GIST: Greedy Independent Set Thresholding for Max-Min Diversification with Submodular Utility

These details have not been verified by PyPI

Project links

Project description

gist-select

Greedy Independent Set Thresholding for Max-Min Diversification with Submodular Utility

A production-grade Python implementation of the GIST algorithm from Fahrbach et al. (NeurIPS 2025). Select subsets that are both high-quality and diverse — with provable approximation guarantees.

The Problem

You have a large pool of items (data points, images, documents, candidates) and need to select k of them. You want items that are individually valuable and collectively diverse — no redundancy, maximum coverage.

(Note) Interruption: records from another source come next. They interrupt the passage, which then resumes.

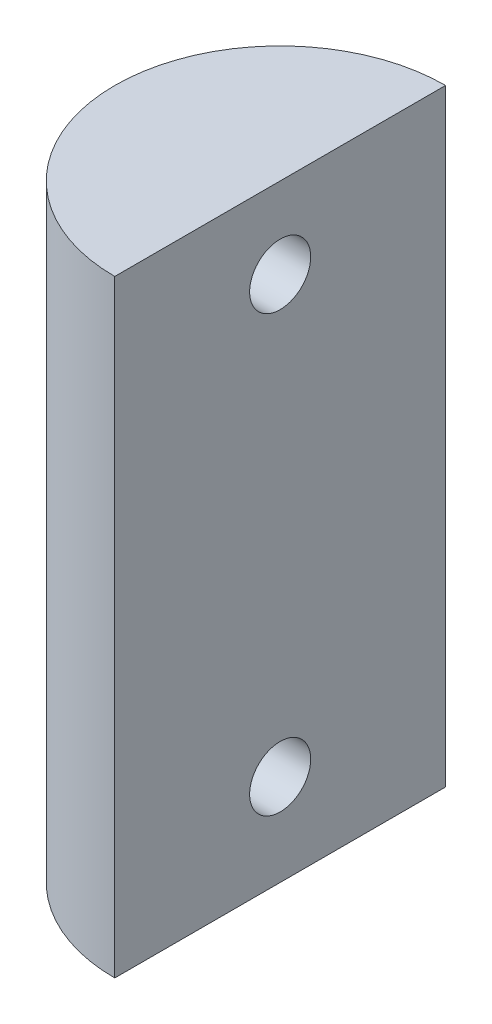
ISO-10303-21;
HEADER;
FILE_DESCRIPTION(('STEP AP214'),'2;1');
FILE_NAME('part.step','',(''),(''),'','','');
FILE_SCHEMA(('AUTOMOTIVE_DESIGN { 1 0 10303 214 1 1 1 1 }'));
ENDSEC;
DATA;
#1=APPLICATION_CONTEXT('core data for automotive mechanical design processes');
#2=APPLICATION_PROTOCOL_DEFINITION('international standard','automotive_design',2000,#1);
#3=PRODUCT_CONTEXT('',#1,'mechanical');
#4=PRODUCT('Part','Part','',(#3));
#5=PRODUCT_RELATED_PRODUCT_CATEGORY('part','',(#4));
#6=PRODUCT_DEFINITION_FORMATION('','',#4);
#7=PRODUCT_DEFINITION_CONTEXT('part definition',#1,'design');
#8=PRODUCT_DEFINITION('design','',#6,#7);
#9=PRODUCT_DEFINITION_SHAPE('','',#8);
#10=(LENGTH_UNIT() NAMED_UNIT(*) SI_UNIT(.MILLI.,.METRE.));
#11=(NAMED_UNIT(*) PLANE_ANGLE_UNIT() SI_UNIT($,.RADIAN.));
#12=(NAMED_UNIT(*) SI_UNIT($,.STERADIAN.) SOLID_ANGLE_UNIT());
#13=UNCERTAINTY_MEASURE_WITH_UNIT(LENGTH_MEASURE(1.E-05),#10,'distance_accuracy_value','');
#14=(GEOMETRIC_REPRESENTATION_CONTEXT(3) GLOBAL_UNCERTAINTY_ASSIGNED_CONTEXT((#13)) GLOBAL_UNIT_ASSIGNED_CONTEXT((#10,
#11,#12)) REPRESENTATION_CONTEXT('',''));
#15=CARTESIAN_POINT('',(0.,0.,0.));
#16=DIRECTION('',(0.,0.,1.));
#17=DIRECTION('',(1.,0.,0.));
#18=AXIS2_PLACEMENT_3D('',#15,#16,#17);
#19=CARTESIAN_POINT('',(0.,-119.376,0.));
#20=DIRECTION('',(-1.,0.,0.));
#21=DIRECTION('',(0.,0.,1.));
#22=AXIS2_PLACEMENT_3D('',#19,#20,#21);
#23=PLANE('',#22);
#24=CARTESIAN_POINT('',(0.,-101.376,0.));
#25=DIRECTION('',(1.,0.,0.));
#26=DIRECTION('',(0.,0.,-1.));
#27=AXIS2_PLACEMENT_3D('',#24,#25,#26);
#28=CIRCLE('',#27,6.);
#29=CARTESIAN_POINT('',(0.,-101.376,-6.));
#30=VERTEX_POINT('',#29);
#31=EDGE_CURVE('E113',#30,#30,#28,.T.);
#32=ORIENTED_EDGE('',*,*,#31,.F.);
#33=EDGE_LOOP('',(#32));
#34=FACE_BOUND('',#33,.T.);
#35=CARTESIAN_POINT('',(0.,-15.894,0.));
#36=DIRECTION('',(1.,0.,0.));
#37=DIRECTION('',(0.,0.,-1.));
#38=AXIS2_PLACEMENT_3D('',#35,#36,#37);
#39=CIRCLE('',#38,6.);
#40=CARTESIAN_POINT('',(0.,-15.894,-6.));
#41=VERTEX_POINT('',#40);
#42=EDGE_CURVE('E89',#41,#41,#39,.T.);
#43=ORIENTED_EDGE('',*,*,#42,.F.);
#44=EDGE_LOOP('',(#43));
#45=FACE_BOUND('',#44,.T.);
#46=DIRECTION('',(0.,0.,1.));
#47=VECTOR('',#46,1.);
#48=CARTESIAN_POINT('',(0.,0.,0.));
#49=LINE('',#48,#47);
#50=CARTESIAN_POINT('',(0.,0.,-32.5));
#51=VERTEX_POINT('',#50);
#52=CARTESIAN_POINT('',(0.,0.,32.5));
#53=VERTEX_POINT('',#52);
#54=EDGE_CURVE('E75',#51,#53,#49,.T.);
#55=ORIENTED_EDGE('',*,*,#54,.T.);
#56=DIRECTION('',(0.,1.,0.));
#57=VECTOR('',#56,1.);
#58=CARTESIAN_POINT('',(0.,-119.376,32.5));
#59=LINE('',#58,#57);
#60=CARTESIAN_POINT('',(0.,-119.376,32.5));
#61=VERTEX_POINT('',#60);
#62=EDGE_CURVE('E11',#61,#53,#59,.T.);
#63=ORIENTED_EDGE('',*,*,#62,.F.);
#64=DIRECTION('',(0.,0.,1.));
#65=VECTOR('',#64,1.);
#66=CARTESIAN_POINT('',(0.,-119.376,0.));
#67=LINE('',#66,#65);
#68=CARTESIAN_POINT('',(0.,-119.376,-32.5));
#69=VERTEX_POINT('',#68);
#70=EDGE_CURVE('E59',#69,#61,#67,.T.);
#71=ORIENTED_EDGE('',*,*,#70,.F.);
#72=DIRECTION('',(0.,1.,0.));
#73=VECTOR('',#72,1.);
#74=CARTESIAN_POINT('',(0.,-119.376,-32.5));
#75=LINE('',#74,#73);
#76=EDGE_CURVE('E51',#69,#51,#75,.T.);
#77=ORIENTED_EDGE('',*,*,#76,.T.);
#78=EDGE_LOOP('',(#55,#63,#71,#77));
#79=FACE_BOUND('',#78,.T.);
#80=ADVANCED_FACE('F38',(#34,#45,#79),#23,.F.);
#81=CARTESIAN_POINT('',(0.,-119.376,0.));
#82=DIRECTION('',(0.,1.,0.));
#83=DIRECTION('',(0.,0.,1.));
#84=AXIS2_PLACEMENT_3D('',#81,#82,#83);
#85=CYLINDRICAL_SURFACE('',#84,32.5);
#86=CARTESIAN_POINT('',(-31.9413525073689,-101.376,-6.));
#87=CARTESIAN_POINT('',(-31.9413510155267,-101.543020105781,-6.00000295853529));
#88=CARTESIAN_POINT('',(-31.9426650102768,-101.710001842829,-5.99302407715925));
#89=CARTESIAN_POINT('',(-31.9478791151134,-102.042812138617,-5.96516856930217));
#90=CARTESIAN_POINT('',(-31.9517796989175,-102.208640480497,-5.94428939706712));
#91=CARTESIAN_POINT('',(-31.9620573065449,-102.537992514205,-5.88877610738074));
#92=CARTESIAN_POINT('',(-31.9684357545158,-102.701514824534,-5.85413407949497));
#93=CARTESIAN_POINT('',(-31.9834845406126,-103.025062361184,-5.77135045100128));
#94=CARTESIAN_POINT('',(-31.9921557212921,-103.18508627843,-5.72320388723111));
#95=CARTESIAN_POINT('',(-32.0115246934935,-103.500246490147,-5.61385452206621));
#96=CARTESIAN_POINT('',(-32.0222198341718,-103.655388871567,-5.55266878540925));
#97=CARTESIAN_POINT('',(-32.0453420785026,-103.959993638257,-5.41763251250718));
#98=CARTESIAN_POINT('',(-32.0577698204828,-104.109453904166,-5.34377730623473));
#99=CARTESIAN_POINT('',(-32.0839962627161,-104.401552629714,-5.18398806674357));
#100=CARTESIAN_POINT('',(-32.0977943188948,-104.544194247985,-5.09805970034271));
#101=CARTESIAN_POINT('',(-32.1263856672193,-104.821828347411,-4.91466745622354));
#102=CARTESIAN_POINT('',(-32.1411793293463,-104.956817950254,-4.81719927981946));
#103=CARTESIAN_POINT('',(-32.1715052735179,-105.219560996205,-4.61034548396164));
#104=CARTESIAN_POINT('',(-32.1870436584928,-105.347224083592,-4.5008459742891));
#105=CARTESIAN_POINT('',(-32.2182832804324,-105.592946537089,-4.27148905640615));
#106=CARTESIAN_POINT('',(-32.2339845755935,-105.711002327964,-4.15162782612188));
#107=CARTESIAN_POINT('',(-32.2651012097674,-105.936618341113,-3.90243530466569));
#108=CARTESIAN_POINT('',(-32.2805166335572,-106.044181716642,-3.77310687922168));
#109=CARTESIAN_POINT('',(-32.3106427456994,-106.248146891922,-3.50577559302649));
#110=CARTESIAN_POINT('',(-32.3253531722095,-106.344544563181,-3.36776955266252));
#111=CARTESIAN_POINT('',(-32.3537527138724,-106.526088678451,-3.08306471017447));
#112=CARTESIAN_POINT('',(-32.3674339230622,-106.611151271087,-2.93631162303768));
#113=CARTESIAN_POINT('',(-32.3932768150282,-106.76862626248,-2.63597199364875));
#114=CARTESIAN_POINT('',(-32.405437928495,-106.841033925708,-2.48238292019941));
#115=CARTESIAN_POINT('',(-32.4278825976848,-106.972586679502,-2.16955749285648));
#116=CARTESIAN_POINT('',(-32.4381669640968,-107.031737499093,-2.01032361299022));
#117=CARTESIAN_POINT('',(-32.4565759252547,-107.136376316327,-1.6872898594089));
#118=CARTESIAN_POINT('',(-32.4646997333147,-107.181859338139,-1.5234883464818));
#119=CARTESIAN_POINT('',(-32.4852880303493,-107.296290031532,-1.03085331580681));
#120=CARTESIAN_POINT('',(-32.4942588120657,-107.34486042554,-0.696870045496302));
#121=CARTESIAN_POINT('',(-32.5017263371873,-107.385373397857,-0.0255664198837376));
#122=CARTESIAN_POINT('',(-32.5002239463955,-107.377320657124,0.31175365726685));
#123=CARTESIAN_POINT('',(-32.4870176310848,-107.305377926863,0.976054278284205));
#124=CARTESIAN_POINT('',(-32.4754378068713,-107.242167164928,1.30311063675732));
#125=CARTESIAN_POINT('',(-32.4435119174272,-107.062755984159,1.94188038235149));
#126=CARTESIAN_POINT('',(-32.4231655399838,-106.946553678071,2.25359322258673));
#127=CARTESIAN_POINT('',(-32.3757858792464,-106.663811975478,2.85482127182886));
#128=CARTESIAN_POINT('',(-32.3487165042421,-106.49699977746,3.14420524520471));
#129=CARTESIAN_POINT('',(-32.2908861364092,-106.117972872398,3.69112726413707));
#130=CARTESIAN_POINT('',(-32.2601247793352,-105.905753683949,3.94866216241415));
#131=CARTESIAN_POINT('',(-32.1977799600073,-105.438189714966,4.42860067861483));
#132=CARTESIAN_POINT('',(-32.1661910748591,-105.182250600413,4.65042497033573));
#133=CARTESIAN_POINT('',(-32.1061894073334,-104.636494957064,5.04808559706013));
#134=CARTESIAN_POINT('',(-32.077776668672,-104.346677962086,5.22392129912474));
#135=CARTESIAN_POINT('',(-32.0273370970672,-103.740639341077,5.52477115699434));
#136=CARTESIAN_POINT('',(-32.0053205950001,-103.424376049523,5.64970322536738));
#137=CARTESIAN_POINT('',(-31.9703261346543,-102.774850988088,5.84449643174312));
#138=CARTESIAN_POINT('',(-31.9573471859124,-102.441591085235,5.9143636046489));
#139=CARTESIAN_POINT('',(-31.9420927158332,-101.772751015839,5.99620229168364));
#140=CARTESIAN_POINT('',(-31.9396635072359,-101.437275977497,6.00900518397556));
#141=CARTESIAN_POINT('',(-31.9453725765504,-100.768981018201,5.9785785831626));
#142=CARTESIAN_POINT('',(-31.9535103486703,-100.436160970932,5.93535177193744));
#143=CARTESIAN_POINT('',(-31.979293465026,-99.7853432915108,5.79480586142508));
#144=CARTESIAN_POINT('',(-31.9968624934417,-99.4672486424835,5.69792075735497));
#145=CARTESIAN_POINT('',(-32.0394630353324,-98.8518079669587,5.45326809850266));
#146=CARTESIAN_POINT('',(-32.0644950840986,-98.5544634306683,5.30549689375586));
#147=CARTESIAN_POINT('',(-32.1195522144905,-97.9852954141647,4.96134651750512));
#148=CARTESIAN_POINT('',(-32.1496301190139,-97.7137953660428,4.76444105467971));
#149=CARTESIAN_POINT('',(-32.2112404635557,-97.2073897261277,4.328321885264));
#150=CARTESIAN_POINT('',(-32.2427730300079,-96.9724873230619,4.08910449593802));
#151=CARTESIAN_POINT('',(-32.3042327039953,-96.5428487984119,3.57144762775753));
#152=CARTESIAN_POINT('',(-32.3341337897011,-96.3486711361731,3.29254111714155));
#153=CARTESIAN_POINT('',(-32.3885259688709,-96.0099325863055,2.70556807005943));
#154=CARTESIAN_POINT('',(-32.4130172660944,-95.8653698298182,2.39750263248845));
#155=CARTESIAN_POINT('',(-32.453720812997,-95.6308001775852,1.7625807268193));
#156=CARTESIAN_POINT('',(-32.4699750052543,-95.5405164504713,1.43582908021701));
#157=CARTESIAN_POINT('',(-32.4925422562138,-95.4162027598243,0.771284675971638));
#158=CARTESIAN_POINT('',(-32.4988563275773,-95.3821670659399,0.433493046619086));
#159=CARTESIAN_POINT('',(-32.5003540565631,-95.3740959848788,-0.0710321096354862));
#160=CARTESIAN_POINT('',(-32.4995572690841,-95.3783921897452,-0.237682638844524));
#161=CARTESIAN_POINT('',(-32.495424432952,-95.4008200641112,-0.570001473574034));
#162=CARTESIAN_POINT('',(-32.4920893427311,-95.4189465114863,-0.735670126050064));
#163=CARTESIAN_POINT('',(-32.4829668638015,-95.4689088068172,-1.06490505616126));
#164=CARTESIAN_POINT('',(-32.4771786148997,-95.5007494636854,-1.22847057559065));
#165=CARTESIAN_POINT('',(-32.4633144843585,-95.5778772460574,-1.55224085017753));
#166=CARTESIAN_POINT('',(-32.4552394235426,-95.6231595471253,-1.71244678909536));
#167=CARTESIAN_POINT('',(-32.4370355937856,-95.7267635833937,-2.02822736208988));
#168=CARTESIAN_POINT('',(-32.4269095551274,-95.7850679939146,-2.18380784113108));
#169=CARTESIAN_POINT('',(-32.4048786716608,-95.9142959094409,-2.48943892302124));
#170=CARTESIAN_POINT('',(-32.3929744609303,-95.9852149179221,-2.63949147339193));
#171=CARTESIAN_POINT('',(-32.3677035827214,-96.1392067767066,-2.93317210590939));
#172=CARTESIAN_POINT('',(-32.3543363286126,-96.2222845067763,-3.07679757825833));
#173=CARTESIAN_POINT('',(-32.326510815552,-96.3999579793895,-3.35655401432148));
#174=CARTESIAN_POINT('',(-32.3120529366048,-96.494549717111,-3.49268756010242));
#175=CARTESIAN_POINT('',(-32.2822211930687,-96.6960564389901,-3.75850222746007));
#176=CARTESIAN_POINT('',(-32.2668371982912,-96.803128074562,-3.88806348648546));
#177=CARTESIAN_POINT('',(-32.2357777361537,-97.0276986066352,-4.1376867350828));
#178=CARTESIAN_POINT('',(-32.2201023739441,-97.1451937970361,-4.25775207244293));
#179=CARTESIAN_POINT('',(-32.188881874074,-97.3899179927548,-4.48768949162615));
#180=CARTESIAN_POINT('',(-32.1733368199346,-97.5171527795317,-4.59755543208626));
#181=CARTESIAN_POINT('',(-32.1428277311297,-97.7803839559098,-4.8062192058397));
#182=CARTESIAN_POINT('',(-32.1278634847102,-97.916377103324,-4.90502109816961));
#183=CARTESIAN_POINT('',(-32.0987973355248,-98.1975537726137,-5.09178042683274));
#184=CARTESIAN_POINT('',(-32.084704774444,-98.3428111641444,-5.1796281571812));
#185=CARTESIAN_POINT('',(-32.0579500798171,-98.6402919089007,-5.34272083193665));
#186=CARTESIAN_POINT('',(-32.0452874201016,-98.7925126706109,-5.4179704171096));
#187=CARTESIAN_POINT('',(-32.0217661734497,-99.1028057270561,-5.55529909721155));
#188=CARTESIAN_POINT('',(-32.0109064112641,-99.2608741270677,-5.61738677931813));
#189=CARTESIAN_POINT('',(-31.9913049603576,-99.5817703702512,-5.72796202752484));
#190=CARTESIAN_POINT('',(-31.9825628397174,-99.7445972352696,-5.77645236729059));
#191=CARTESIAN_POINT('',(-31.964037017176,-100.148538416944,-5.87827970156251));
#192=CARTESIAN_POINT('',(-31.9555746068072,-100.391711803916,-5.92386631533028));
#193=CARTESIAN_POINT('',(-31.9442335268558,-100.881951494842,-5.98472388662139));
#194=CARTESIAN_POINT('',(-31.9413547134423,-101.129017698353,-5.99999562504256));
#195=CARTESIAN_POINT('',(-31.9413525073689,-101.376,-6.));
#196=B_SPLINE_CURVE_WITH_KNOTS('',3,(#86,#87,#88,#89,#90,#91,#92,#93,#94,#95,#96,#97,#98,#99,
#100,#101,#102,#103,#104,#105,#106,#107,#108,#109,#110,#111,#112,#113,#114,#115,#116,#117,#118,
#119,#120,#121,#122,#123,#124,#125,#126,#127,#128,#129,#130,#131,#132,#133,#134,#135,#136,#137,
#138,#139,#140,#141,#142,#143,#144,#145,#146,#147,#148,#149,#150,#151,#152,#153,#154,#155,#156,
#157,#158,#159,#160,#161,#162,#163,#164,#165,#166,#167,#168,#169,#170,#171,#172,#173,#174,#175,
#176,#177,#178,#179,#180,#181,#182,#183,#184,#185,#186,#187,#188,#189,#190,#191,#192,#193,#194,
#195),.UNSPECIFIED.,.T.,.F.,(4,2,2,2,2,2,2,2,2,2,2,2,2,2,2,2,2,2,2,2,2,2,2,2,2,2,2,2,2,2,2,2,2,
2,2,2,2,2,2,2,2,2,2,2,2,2,2,2,2,2,2,2,2,2,4),(0.,0.500843463331397,1.0017786783503,
1.5030022318823,2.00441023608585,2.50516601956037,3.00610678220385,3.50681319732149,
4.00770672054381,4.51383441416538,5.02014960364326,5.52631215984352,6.03266127501114,
6.542569670539,7.05266846938636,7.56254639910262,8.07260972824401,9.08012563787735,
10.087558258518,11.0827574722959,12.0779921321037,13.0786896815496,14.0794860395937,
15.0951637423724,16.1108554231421,17.128178591491,18.1453902495802,19.1477325069965,
20.1500267887514,21.144330335666,22.1387052169704,23.1442262843942,24.1498349132333,
25.1684425209453,26.1870117562707,27.2003410634462,28.2135671298398,28.7132031034217,
29.2126505140953,29.7122731996682,30.2117167784931,30.7104998117235,31.2091054067347,
31.7079116630686,32.2065449168667,32.7122968113089,33.217869600612,33.7237448623406,
34.2294339227624,34.7398381371698,35.2500539188164,35.7599357905253,36.269713577754,
37.0103588870579,37.7509851174174),.UNSPECIFIED.);
#197=CARTESIAN_POINT('',(-31.9413525073689,-101.376,-6.));
#198=VERTEX_POINT('',#197);
#199=EDGE_CURVE('E41',#198,#198,#196,.T.);
#200=ORIENTED_EDGE('',*,*,#199,.F.);
#201=EDGE_LOOP('',(#200));
#202=FACE_BOUND('',#201,.T.);
#203=CARTESIAN_POINT('',(-31.9413525073689,-15.894,-6.));
#204=CARTESIAN_POINT('',(-31.9413510155267,-16.0610201057805,-6.00000295853529));
#205=CARTESIAN_POINT('',(-31.9426650102768,-16.2280018428286,-5.99302407715925));
#206=CARTESIAN_POINT('',(-31.9478791151134,-16.5608121386166,-5.96516856930217));
#207=CARTESIAN_POINT('',(-31.9517796989175,-16.7266404804968,-5.94428939706712));
#208=CARTESIAN_POINT('',(-31.9620573065449,-17.0559925142051,-5.88877610738075));
#209=CARTESIAN_POINT('',(-31.9684357545158,-17.2195148245342,-5.85413407949497));
#210=CARTESIAN_POINT('',(-31.9834845406126,-17.5430623611839,-5.77135045100128));
#211=CARTESIAN_POINT('',(-31.9921557212921,-17.7030862784299,-5.72320388723111));
#212=CARTESIAN_POINT('',(-32.0115246934935,-18.0182464901465,-5.61385452206621));
#213=CARTESIAN_POINT('',(-32.0222198341718,-18.1733888715672,-5.55266878540925));
#214=CARTESIAN_POINT('',(-32.0453420785026,-18.4779936382573,-5.41763251250718));
#215=CARTESIAN_POINT('',(-32.0577698204828,-18.6274539041662,-5.34377730623473));
#216=CARTESIAN_POINT('',(-32.0839962627161,-18.9195526297136,-5.18398806674358));
#217=CARTESIAN_POINT('',(-32.0977943188948,-19.0621942479849,-5.09805970034271));
#218=CARTESIAN_POINT('',(-32.1263856672193,-19.339828347411,-4.91466745622354));
#219=CARTESIAN_POINT('',(-32.1411793293463,-19.4748179502543,-4.81719927981947));
#220=CARTESIAN_POINT('',(-32.1715052735179,-19.7375609962047,-4.61034548396164));
#221=CARTESIAN_POINT('',(-32.1870436584928,-19.865224083592,-4.5008459742891));
#222=CARTESIAN_POINT('',(-32.2182832804324,-20.1109465370888,-4.27148905640615));
#223=CARTESIAN_POINT('',(-32.2339845755935,-20.2290023279637,-4.15162782612188));
#224=CARTESIAN_POINT('',(-32.2651012097674,-20.4546183411127,-3.90243530466569));
#225=CARTESIAN_POINT('',(-32.2805166335572,-20.5621817166419,-3.77310687922168));
#226=CARTESIAN_POINT('',(-32.3106427456994,-20.7661468919223,-3.50577559302649));
#227=CARTESIAN_POINT('',(-32.3253531722095,-20.8625445631812,-3.36776955266252));
#228=CARTESIAN_POINT('',(-32.3537527138724,-21.0440886784513,-3.08306471017447));
#229=CARTESIAN_POINT('',(-32.3674339230622,-21.1291512710868,-2.93631162303769));
#230=CARTESIAN_POINT('',(-32.3932768150282,-21.2866262624802,-2.63597199364875));
#231=CARTESIAN_POINT('',(-32.405437928495,-21.3590339257077,-2.48238292019941));
#232=CARTESIAN_POINT('',(-32.4278825976848,-21.490586679502,-2.16955749285648));
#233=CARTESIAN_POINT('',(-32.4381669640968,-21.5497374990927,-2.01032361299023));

GIST solves this by maximizing:

f(S) = g(S) + λ · div(S)

Term	Meaning
`g(S)`	Monotone submodular utility — how valuable the selected set is
`div(S)`	Max-min diversity — the minimum pairwise distance in the set
`λ`	Trade-off knob between utility and diversity

Approximation guarantees:

General submodular utility: 1/2 - ε
Linear utility: 2/3 - ε (tight — matches the NP-hardness lower bound)

Features

Provably good — constant-factor approximation guarantees from the paper
Fast at scale — tested up to 2M points with high-dimensional embeddings
CELF acceleration — lazy greedy evaluation reduces oracle calls by orders of magnitude
Optimised numerics — BLAS-backed distance computation, precomputed norms, no large temporaries
Flexible metrics — Euclidean, cosine, or bring your own distance function
Flexible utilities — linear weights, set coverage, or bring your own submodular function
Parallel threshold sweep — optional multi-threaded execution via joblib
Deterministic — seed parameter for full reproducibility

Installation

pip install gist-select

With optional parallel support:

pip install "gist-select[parallel]"

Requirements: Python ≥ 3.10, NumPy ≥ 1.24, SciPy ≥ 1.10

Quick Start

import numpy as np
from gist import gist, LinearUtility, EuclideanDistance

# 10,000 points in 64 dimensions
rng = np.random.default_rng(42)
points = rng.standard_normal((10_000, 64)).astype(np.float32)
weights = rng.random(10_000)

# Select the 50 best-and-diverse points
result = gist(
    points=points,
    utility=LinearUtility(weights),
    distance=EuclideanDistance(),
    k=50,
    lam=1.0,
    seed=42,
)

print(f"Selected {len(result.indices)} points")
print(f"Objective: {result.objective_value:.4f}")
print(f"Utility:   {result.utility_value:.4f}")
print(f"Diversity: {result.diversity:.4f}")

API Reference

`gist()`

gist(
    points,              # np.ndarray (n, d) — your data
    utility,             # SubmodularFunction — how to score subsets
    distance,            # DistanceMetric — how to measure spread
    k,                   # int — how many points to select
    lam=1.0,             # float — diversity weight (λ ≥ 0)
    eps=0.05,            # float — approximation granularity (ε > 0)
    n_jobs=1,            # int — threads for threshold sweep
    seed=None,           # int — random seed for reproducibility
    diameter=None,       # tuple — precomputed (d_max, idx_u, idx_v)
) -> GISTResult

Returns a GISTResult with:

Field	Type	Description
`indices`	`np.ndarray`	Indices of selected points
`objective_value`	`float`	`g(S) + λ · div(S)`
`utility_value`	`float`	`g(S)`
`diversity`	`float`	`div(S)` — minimum pairwise distance

Parameters in detail:

lam — Controls the utility/diversity trade-off. Higher values favour more spread-out selections. Set to 0 for pure utility maximisation (standard greedy).
eps — Controls the number of distance thresholds swept (~76 for eps=0.05, ~38 for eps=0.1). Smaller is more thorough but slower.
n_jobs — Number of threads for the threshold sweep. Requires joblib. Uses threading backend to share memory.
diameter — Skip the automatic diameter estimation by providing (d_max, idx_u, idx_v). Useful when calling gist() repeatedly on the same point set.

Distance Metrics

from gist import EuclideanDistance, CosineDistance, CallableDistance

Class	Description	Hot Path
`EuclideanDistance()`	L2 distance with precomputed norms	Single BLAS GEMV
`CosineDistance()`	`1 - cos(a, b)`, auto-normalises	Single BLAS GEMV
`CallableDistance(fn)`	User-provided `fn(vec, matrix) → dists`	Your function

Custom distance example:

from gist import CallableDistance

def manhattan(source_vec, target_matrix):
    """L1 distance — must be vectorised."""
    return np.abs(target_matrix - source_vec).sum(axis=1)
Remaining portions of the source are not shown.